■ **EXERCISE**
Lines of the listing that contain "ezdxf" need to be copied.

Start of DATA UNDER STUDY

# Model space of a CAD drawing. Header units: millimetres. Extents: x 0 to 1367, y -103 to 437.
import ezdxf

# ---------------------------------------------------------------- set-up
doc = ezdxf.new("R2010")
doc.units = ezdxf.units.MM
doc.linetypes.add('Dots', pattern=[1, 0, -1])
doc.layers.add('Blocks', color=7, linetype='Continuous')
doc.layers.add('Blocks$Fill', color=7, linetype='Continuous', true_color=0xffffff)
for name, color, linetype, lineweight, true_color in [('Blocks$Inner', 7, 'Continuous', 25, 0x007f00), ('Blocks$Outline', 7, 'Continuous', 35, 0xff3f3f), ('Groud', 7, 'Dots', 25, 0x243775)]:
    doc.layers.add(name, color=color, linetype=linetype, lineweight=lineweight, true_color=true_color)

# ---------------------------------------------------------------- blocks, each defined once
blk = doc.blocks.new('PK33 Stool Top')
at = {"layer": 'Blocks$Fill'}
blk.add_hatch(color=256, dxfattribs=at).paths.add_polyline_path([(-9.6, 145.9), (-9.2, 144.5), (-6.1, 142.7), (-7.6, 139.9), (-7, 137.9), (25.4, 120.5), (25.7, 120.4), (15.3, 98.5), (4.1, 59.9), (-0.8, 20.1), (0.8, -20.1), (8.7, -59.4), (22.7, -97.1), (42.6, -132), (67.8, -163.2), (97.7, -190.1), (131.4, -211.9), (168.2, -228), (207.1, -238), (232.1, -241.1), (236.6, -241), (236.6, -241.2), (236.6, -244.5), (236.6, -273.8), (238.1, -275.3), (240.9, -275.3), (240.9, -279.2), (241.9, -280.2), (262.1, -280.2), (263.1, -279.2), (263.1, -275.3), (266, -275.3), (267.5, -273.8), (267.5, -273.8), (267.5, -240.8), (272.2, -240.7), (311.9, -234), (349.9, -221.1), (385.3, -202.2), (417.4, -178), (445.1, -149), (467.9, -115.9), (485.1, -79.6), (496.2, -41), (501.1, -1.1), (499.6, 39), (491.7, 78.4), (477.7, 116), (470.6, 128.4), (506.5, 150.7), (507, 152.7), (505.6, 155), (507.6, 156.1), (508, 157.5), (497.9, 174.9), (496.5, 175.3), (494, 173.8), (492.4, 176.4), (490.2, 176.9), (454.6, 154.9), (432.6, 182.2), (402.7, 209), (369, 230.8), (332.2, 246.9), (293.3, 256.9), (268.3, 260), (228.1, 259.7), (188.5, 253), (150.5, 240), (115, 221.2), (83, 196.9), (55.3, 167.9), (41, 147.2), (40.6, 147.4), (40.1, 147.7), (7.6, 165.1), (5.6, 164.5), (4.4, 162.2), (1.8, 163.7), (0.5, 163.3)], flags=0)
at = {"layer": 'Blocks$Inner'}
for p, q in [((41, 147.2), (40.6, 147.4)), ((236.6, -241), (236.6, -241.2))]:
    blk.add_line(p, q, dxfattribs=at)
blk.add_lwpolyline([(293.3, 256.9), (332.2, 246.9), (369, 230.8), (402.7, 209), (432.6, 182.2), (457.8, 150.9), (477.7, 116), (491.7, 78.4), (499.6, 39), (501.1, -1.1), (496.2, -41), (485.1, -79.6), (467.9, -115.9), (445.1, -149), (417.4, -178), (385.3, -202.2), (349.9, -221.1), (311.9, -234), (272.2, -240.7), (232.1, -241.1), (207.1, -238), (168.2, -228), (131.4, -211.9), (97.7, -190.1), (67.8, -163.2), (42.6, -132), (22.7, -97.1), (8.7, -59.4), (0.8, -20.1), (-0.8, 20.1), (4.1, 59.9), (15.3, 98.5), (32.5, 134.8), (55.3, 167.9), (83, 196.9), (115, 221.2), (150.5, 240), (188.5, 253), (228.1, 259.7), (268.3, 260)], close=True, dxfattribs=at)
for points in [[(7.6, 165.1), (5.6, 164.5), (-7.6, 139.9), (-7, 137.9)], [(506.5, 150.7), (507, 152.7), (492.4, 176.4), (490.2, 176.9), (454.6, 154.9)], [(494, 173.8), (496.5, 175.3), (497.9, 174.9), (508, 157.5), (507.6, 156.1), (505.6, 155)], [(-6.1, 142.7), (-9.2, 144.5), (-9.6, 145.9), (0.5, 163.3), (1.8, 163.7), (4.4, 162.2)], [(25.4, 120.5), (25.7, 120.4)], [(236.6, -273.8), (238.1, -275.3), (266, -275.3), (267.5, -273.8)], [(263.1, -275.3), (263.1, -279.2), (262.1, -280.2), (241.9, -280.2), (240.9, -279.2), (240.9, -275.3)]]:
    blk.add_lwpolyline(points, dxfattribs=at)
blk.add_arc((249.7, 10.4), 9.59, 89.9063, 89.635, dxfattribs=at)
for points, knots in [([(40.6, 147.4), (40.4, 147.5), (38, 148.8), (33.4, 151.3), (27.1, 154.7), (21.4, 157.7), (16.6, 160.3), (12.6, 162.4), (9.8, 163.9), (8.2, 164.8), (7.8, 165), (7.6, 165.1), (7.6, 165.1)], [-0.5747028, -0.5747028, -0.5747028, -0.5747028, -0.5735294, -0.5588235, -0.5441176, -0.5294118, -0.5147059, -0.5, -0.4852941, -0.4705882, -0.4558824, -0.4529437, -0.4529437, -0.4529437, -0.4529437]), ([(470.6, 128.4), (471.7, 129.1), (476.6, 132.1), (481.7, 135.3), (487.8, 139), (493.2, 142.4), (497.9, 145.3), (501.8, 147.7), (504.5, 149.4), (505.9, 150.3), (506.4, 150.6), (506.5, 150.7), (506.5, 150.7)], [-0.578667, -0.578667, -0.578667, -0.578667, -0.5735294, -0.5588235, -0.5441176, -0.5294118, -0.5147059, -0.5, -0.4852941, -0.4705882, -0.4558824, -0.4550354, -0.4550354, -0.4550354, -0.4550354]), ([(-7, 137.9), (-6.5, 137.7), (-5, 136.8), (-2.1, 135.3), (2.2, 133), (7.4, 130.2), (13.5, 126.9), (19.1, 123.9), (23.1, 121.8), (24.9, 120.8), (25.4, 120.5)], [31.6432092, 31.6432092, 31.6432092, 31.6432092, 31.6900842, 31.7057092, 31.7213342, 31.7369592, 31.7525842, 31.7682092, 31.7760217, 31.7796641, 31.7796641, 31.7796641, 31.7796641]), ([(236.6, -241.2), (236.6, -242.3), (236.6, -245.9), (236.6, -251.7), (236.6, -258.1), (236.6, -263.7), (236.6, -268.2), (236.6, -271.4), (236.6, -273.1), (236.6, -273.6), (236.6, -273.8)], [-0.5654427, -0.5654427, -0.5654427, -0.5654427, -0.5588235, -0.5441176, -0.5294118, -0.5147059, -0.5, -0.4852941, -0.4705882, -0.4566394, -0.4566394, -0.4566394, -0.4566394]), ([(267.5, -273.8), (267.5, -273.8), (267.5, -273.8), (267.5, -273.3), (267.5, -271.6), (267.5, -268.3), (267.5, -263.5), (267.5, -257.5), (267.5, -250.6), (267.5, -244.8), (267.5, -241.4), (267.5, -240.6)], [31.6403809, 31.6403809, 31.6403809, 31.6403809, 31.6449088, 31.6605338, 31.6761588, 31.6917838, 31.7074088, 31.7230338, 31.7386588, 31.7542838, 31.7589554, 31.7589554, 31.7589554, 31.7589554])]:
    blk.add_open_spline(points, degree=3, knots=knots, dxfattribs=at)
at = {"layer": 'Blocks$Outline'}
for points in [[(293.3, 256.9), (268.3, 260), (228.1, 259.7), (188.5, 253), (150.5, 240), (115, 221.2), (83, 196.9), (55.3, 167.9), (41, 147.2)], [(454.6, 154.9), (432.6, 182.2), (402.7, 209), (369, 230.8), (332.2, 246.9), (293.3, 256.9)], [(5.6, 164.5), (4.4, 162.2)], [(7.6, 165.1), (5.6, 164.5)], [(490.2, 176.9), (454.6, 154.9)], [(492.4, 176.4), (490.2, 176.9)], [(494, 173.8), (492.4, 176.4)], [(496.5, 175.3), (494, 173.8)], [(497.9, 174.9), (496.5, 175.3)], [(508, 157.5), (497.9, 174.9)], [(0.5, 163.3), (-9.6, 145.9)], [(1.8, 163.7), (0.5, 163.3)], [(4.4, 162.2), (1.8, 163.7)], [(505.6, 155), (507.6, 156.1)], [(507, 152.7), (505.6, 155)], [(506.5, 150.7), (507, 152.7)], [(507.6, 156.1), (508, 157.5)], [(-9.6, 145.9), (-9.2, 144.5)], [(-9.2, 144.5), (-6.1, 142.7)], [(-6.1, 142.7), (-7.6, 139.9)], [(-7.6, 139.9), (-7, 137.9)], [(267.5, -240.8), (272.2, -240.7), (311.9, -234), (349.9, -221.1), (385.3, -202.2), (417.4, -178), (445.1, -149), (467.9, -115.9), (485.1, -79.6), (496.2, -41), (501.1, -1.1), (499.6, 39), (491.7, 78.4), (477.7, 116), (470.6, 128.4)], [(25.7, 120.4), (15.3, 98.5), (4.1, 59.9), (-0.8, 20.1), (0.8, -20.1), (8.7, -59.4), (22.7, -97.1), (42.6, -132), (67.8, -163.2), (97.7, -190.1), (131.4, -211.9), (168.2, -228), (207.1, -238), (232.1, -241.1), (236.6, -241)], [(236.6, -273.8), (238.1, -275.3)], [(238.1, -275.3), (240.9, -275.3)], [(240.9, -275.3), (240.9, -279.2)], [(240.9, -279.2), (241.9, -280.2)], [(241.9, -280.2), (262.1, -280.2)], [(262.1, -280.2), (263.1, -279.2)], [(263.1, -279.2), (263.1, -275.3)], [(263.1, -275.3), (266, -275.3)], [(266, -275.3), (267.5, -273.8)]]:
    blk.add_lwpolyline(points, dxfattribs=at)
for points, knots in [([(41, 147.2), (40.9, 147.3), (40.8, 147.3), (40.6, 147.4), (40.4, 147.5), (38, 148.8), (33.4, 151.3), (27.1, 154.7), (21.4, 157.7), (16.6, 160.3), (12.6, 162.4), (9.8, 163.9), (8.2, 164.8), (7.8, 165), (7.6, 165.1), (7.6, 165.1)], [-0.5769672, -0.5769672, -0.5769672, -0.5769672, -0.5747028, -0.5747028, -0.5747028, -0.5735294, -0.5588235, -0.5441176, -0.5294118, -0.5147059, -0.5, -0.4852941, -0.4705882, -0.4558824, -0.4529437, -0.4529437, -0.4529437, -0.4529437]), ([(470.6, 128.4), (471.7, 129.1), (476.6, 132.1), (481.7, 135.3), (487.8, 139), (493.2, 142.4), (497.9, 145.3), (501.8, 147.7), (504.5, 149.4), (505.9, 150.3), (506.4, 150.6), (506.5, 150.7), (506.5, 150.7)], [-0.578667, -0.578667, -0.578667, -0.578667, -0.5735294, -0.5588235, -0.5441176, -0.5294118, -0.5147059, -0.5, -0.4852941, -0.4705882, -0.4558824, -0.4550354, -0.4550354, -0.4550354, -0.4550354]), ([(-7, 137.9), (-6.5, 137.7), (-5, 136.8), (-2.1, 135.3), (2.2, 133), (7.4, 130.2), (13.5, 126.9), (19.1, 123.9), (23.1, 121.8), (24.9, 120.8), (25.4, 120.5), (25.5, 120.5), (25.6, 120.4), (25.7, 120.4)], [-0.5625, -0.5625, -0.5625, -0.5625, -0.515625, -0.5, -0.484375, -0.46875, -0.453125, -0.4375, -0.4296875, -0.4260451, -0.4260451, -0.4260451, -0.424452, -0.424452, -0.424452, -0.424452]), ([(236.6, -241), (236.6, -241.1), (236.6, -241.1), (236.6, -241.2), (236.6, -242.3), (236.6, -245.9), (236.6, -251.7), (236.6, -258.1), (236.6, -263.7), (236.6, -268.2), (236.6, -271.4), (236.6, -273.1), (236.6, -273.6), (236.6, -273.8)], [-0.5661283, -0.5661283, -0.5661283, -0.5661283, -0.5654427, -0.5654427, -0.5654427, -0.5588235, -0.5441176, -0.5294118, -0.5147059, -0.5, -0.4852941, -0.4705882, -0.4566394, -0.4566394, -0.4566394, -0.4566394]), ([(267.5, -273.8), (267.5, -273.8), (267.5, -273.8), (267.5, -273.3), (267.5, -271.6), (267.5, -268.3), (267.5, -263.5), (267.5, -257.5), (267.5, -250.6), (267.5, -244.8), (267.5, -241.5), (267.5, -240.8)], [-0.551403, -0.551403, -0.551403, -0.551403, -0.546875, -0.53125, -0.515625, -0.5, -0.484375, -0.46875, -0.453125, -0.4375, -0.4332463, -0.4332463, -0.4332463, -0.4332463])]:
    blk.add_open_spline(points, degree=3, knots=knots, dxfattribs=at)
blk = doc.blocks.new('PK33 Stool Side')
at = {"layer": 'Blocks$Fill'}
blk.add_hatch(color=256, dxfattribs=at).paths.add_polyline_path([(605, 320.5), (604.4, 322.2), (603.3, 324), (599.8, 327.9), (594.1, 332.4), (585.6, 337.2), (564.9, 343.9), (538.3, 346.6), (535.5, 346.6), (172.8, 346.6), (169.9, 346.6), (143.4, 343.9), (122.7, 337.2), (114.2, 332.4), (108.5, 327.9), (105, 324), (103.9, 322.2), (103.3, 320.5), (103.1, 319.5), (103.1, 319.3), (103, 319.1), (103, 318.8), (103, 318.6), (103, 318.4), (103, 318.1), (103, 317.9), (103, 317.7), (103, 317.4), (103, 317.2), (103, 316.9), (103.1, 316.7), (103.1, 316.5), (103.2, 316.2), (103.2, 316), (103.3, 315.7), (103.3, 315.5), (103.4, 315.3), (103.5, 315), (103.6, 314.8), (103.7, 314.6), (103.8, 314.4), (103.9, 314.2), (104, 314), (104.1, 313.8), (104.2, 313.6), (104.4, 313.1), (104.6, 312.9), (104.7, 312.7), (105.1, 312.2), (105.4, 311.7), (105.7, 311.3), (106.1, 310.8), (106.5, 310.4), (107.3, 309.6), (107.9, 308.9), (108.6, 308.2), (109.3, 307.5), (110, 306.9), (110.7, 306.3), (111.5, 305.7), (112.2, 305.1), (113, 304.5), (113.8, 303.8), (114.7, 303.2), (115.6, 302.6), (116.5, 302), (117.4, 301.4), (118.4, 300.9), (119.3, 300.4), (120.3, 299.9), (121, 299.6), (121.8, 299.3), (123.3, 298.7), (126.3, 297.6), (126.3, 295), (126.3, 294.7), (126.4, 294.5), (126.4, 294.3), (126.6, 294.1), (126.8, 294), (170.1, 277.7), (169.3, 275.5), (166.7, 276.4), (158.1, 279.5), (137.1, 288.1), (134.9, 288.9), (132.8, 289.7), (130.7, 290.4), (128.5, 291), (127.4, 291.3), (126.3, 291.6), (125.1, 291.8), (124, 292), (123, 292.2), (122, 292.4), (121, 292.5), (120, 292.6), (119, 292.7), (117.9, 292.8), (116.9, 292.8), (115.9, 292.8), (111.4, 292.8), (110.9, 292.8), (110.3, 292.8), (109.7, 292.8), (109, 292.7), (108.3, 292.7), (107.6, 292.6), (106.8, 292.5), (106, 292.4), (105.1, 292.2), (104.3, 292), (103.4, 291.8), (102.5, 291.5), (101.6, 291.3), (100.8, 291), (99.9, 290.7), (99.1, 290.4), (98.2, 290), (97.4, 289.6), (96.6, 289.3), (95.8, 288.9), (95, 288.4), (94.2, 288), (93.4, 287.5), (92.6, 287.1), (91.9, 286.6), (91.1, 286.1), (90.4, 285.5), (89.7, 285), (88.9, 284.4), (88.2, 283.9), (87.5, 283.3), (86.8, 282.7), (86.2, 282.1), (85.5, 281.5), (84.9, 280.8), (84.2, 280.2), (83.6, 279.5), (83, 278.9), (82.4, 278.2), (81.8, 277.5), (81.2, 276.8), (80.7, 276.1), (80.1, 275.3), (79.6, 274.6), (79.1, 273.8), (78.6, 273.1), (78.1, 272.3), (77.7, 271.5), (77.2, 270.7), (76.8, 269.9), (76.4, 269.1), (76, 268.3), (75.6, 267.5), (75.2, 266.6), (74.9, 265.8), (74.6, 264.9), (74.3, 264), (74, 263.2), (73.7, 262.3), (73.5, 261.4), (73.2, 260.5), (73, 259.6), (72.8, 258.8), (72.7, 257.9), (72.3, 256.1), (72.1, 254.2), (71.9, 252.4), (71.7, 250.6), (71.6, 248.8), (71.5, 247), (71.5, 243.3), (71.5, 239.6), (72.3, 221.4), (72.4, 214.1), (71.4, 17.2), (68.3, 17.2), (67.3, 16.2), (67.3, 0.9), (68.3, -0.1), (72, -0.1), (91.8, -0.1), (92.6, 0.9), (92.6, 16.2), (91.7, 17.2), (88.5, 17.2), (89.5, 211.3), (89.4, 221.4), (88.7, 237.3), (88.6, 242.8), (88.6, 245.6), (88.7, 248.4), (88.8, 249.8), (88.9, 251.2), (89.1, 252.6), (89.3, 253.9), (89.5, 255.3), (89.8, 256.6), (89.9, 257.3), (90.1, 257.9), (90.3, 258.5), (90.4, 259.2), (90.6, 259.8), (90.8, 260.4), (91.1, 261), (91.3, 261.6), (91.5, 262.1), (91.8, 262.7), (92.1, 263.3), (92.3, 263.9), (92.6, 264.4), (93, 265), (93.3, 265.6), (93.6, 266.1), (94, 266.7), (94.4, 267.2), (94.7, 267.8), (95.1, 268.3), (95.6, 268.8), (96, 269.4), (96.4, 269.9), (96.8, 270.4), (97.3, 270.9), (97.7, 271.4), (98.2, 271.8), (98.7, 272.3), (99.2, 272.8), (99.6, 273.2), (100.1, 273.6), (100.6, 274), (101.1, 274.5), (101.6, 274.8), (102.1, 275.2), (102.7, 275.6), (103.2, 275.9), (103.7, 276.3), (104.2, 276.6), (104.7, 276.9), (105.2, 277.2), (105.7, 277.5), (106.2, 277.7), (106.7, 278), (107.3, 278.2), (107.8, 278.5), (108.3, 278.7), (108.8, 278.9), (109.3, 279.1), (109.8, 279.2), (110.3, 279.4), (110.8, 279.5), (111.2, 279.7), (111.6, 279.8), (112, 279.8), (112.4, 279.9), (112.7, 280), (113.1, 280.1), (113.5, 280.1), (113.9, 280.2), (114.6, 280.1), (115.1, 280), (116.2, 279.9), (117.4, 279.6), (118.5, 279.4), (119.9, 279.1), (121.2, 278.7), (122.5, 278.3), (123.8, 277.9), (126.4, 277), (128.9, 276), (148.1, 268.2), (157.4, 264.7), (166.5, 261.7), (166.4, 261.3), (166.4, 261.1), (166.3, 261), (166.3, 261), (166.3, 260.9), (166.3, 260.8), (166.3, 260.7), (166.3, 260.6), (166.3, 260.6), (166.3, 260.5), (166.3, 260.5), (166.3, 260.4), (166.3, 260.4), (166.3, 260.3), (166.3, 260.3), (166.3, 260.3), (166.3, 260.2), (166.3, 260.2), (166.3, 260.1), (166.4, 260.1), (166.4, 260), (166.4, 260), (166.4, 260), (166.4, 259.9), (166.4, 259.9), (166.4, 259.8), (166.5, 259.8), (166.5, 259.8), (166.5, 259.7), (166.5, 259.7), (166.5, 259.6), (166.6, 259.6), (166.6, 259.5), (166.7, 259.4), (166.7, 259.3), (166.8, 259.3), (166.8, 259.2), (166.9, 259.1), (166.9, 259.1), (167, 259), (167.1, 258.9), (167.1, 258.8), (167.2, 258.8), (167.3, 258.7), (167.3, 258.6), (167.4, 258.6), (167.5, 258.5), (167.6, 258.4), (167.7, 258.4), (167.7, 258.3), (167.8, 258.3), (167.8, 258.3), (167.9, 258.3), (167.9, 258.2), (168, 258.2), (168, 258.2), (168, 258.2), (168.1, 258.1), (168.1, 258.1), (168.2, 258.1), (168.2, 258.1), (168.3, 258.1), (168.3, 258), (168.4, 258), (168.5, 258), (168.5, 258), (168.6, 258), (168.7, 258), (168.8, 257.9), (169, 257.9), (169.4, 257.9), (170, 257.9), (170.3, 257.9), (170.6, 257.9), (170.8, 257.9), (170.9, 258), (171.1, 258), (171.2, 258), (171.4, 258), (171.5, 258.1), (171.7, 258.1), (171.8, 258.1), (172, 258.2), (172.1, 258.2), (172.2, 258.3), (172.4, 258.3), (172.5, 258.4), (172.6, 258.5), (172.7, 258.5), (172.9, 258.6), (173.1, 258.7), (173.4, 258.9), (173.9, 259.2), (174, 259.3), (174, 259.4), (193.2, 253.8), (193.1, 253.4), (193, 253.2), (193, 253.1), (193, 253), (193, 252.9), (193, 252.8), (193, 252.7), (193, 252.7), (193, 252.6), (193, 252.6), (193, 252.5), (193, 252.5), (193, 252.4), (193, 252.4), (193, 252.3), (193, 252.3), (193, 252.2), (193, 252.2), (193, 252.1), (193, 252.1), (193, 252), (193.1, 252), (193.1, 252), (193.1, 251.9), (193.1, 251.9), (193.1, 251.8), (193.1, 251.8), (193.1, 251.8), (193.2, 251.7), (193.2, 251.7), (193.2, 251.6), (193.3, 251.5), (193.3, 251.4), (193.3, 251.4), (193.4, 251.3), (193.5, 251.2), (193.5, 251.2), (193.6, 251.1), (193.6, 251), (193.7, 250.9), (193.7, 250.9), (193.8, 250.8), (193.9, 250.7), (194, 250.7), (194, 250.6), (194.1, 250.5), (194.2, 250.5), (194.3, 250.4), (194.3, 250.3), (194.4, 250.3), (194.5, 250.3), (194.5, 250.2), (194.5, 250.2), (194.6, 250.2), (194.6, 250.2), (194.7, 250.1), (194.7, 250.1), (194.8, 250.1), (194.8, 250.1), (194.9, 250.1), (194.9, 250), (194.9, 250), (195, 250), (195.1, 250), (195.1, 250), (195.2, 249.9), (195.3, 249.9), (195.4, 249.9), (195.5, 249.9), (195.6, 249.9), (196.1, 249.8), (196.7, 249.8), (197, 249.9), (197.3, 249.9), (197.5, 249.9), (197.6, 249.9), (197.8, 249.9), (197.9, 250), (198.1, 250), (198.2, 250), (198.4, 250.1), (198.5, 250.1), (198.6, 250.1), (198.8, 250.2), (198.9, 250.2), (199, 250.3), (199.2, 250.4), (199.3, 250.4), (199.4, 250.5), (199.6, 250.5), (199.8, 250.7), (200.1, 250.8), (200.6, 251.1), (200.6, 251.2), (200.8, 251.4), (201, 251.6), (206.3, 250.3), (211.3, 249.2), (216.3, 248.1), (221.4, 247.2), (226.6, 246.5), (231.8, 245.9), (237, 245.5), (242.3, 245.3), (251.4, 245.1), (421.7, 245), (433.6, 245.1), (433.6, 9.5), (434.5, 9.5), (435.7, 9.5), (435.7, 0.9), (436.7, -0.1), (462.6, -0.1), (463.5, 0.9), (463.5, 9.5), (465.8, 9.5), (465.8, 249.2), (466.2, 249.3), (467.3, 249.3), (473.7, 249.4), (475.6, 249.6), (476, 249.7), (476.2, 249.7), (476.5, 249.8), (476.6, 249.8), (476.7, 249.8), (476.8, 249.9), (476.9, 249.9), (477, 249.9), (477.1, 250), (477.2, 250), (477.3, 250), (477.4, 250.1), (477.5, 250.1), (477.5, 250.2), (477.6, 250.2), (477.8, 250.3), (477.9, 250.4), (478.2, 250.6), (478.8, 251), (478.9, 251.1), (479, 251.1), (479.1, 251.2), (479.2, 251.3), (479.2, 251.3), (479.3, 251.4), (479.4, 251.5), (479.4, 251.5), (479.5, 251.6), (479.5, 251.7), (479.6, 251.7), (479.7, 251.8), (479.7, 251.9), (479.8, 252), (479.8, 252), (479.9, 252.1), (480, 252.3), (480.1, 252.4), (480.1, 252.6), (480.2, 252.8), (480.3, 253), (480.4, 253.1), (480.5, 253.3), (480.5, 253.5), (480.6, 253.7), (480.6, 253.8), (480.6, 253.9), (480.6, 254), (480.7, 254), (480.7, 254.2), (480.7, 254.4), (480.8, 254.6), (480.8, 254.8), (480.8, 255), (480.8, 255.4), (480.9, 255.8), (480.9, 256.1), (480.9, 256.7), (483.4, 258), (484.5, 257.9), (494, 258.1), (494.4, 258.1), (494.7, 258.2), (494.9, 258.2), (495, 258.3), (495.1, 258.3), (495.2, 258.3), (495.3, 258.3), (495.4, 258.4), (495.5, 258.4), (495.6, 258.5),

End of DATA UNDER STUDY

■ **EXPECTED ANSWER**
import ezdxf
doc = ezdxf.new("R2010")
doc.units = ezdxf.units.MM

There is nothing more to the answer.